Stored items

——————————

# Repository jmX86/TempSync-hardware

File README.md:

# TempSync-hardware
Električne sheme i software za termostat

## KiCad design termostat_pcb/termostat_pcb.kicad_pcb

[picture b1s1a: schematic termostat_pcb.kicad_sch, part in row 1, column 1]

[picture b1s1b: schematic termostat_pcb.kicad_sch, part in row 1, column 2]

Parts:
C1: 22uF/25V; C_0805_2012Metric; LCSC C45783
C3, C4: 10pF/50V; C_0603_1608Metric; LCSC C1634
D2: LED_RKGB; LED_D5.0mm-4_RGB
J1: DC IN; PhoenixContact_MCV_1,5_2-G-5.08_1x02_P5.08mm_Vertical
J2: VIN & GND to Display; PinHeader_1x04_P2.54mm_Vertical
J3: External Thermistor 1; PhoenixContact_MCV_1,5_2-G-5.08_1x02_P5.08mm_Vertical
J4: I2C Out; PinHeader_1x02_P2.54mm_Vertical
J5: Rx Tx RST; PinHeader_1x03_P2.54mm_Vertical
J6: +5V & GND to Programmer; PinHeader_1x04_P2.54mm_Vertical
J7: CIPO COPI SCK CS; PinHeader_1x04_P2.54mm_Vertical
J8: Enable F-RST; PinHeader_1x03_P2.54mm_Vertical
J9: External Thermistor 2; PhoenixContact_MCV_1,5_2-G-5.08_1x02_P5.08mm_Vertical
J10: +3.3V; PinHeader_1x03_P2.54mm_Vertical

——————————

YOUR OBJECTIVE:
Could you return all of the data exactly as written?

SOLUTION BELOW:
# Repository jmX86/TempSync-hardware

File README.md:

# TempSync-hardware
Električne sheme i software za termostat

## KiCad design termostat_pcb/termostat_pcb.kicad_pcb

[picture b1s1a: schematic termostat_pcb.kicad_sch, part in row 1, column 1]

[picture b1s1b: schematic termostat_pcb.kicad_sch, part in row 1, column 2]

Parts:
C1: 22uF/25V; C_0805_2012Metric; LCSC C45783
C3, C4: 10pF/50V; C_0603_1608Metric; LCSC C1634
D2: LED_RKGB; LED_D5.0mm-4_RGB
J1: DC IN; PhoenixContact_MCV_1,5_2-G-5.08_1x02_P5.08mm_Vertical
J2: VIN & GND to Display; PinHeader_1x04_P2.54mm_Vertical
J3: External Thermistor 1; PhoenixContact_MCV_1,5_2-G-5.08_1x02_P5.08mm_Vertical
J4: I2C Out; PinHeader_1x02_P2.54mm_Vertical
J5: Rx Tx RST; PinHeader_1x03_P2.54mm_Vertical
J6: +5V & GND to Programmer; PinHeader_1x04_P2.54mm_Vertical
J7: CIPO COPI SCK CS; PinHeader_1x04_P2.54mm_Vertical
J8: Enable F-RST; PinHeader_1x03_P2.54mm_Vertical
J9: External Thermistor 2; PhoenixContact_MCV_1,5_2-G-5.08_1x02_P5.08mm_Vertical
J10: +3.3V; PinHeader_1x03_P2.54mm_Vertical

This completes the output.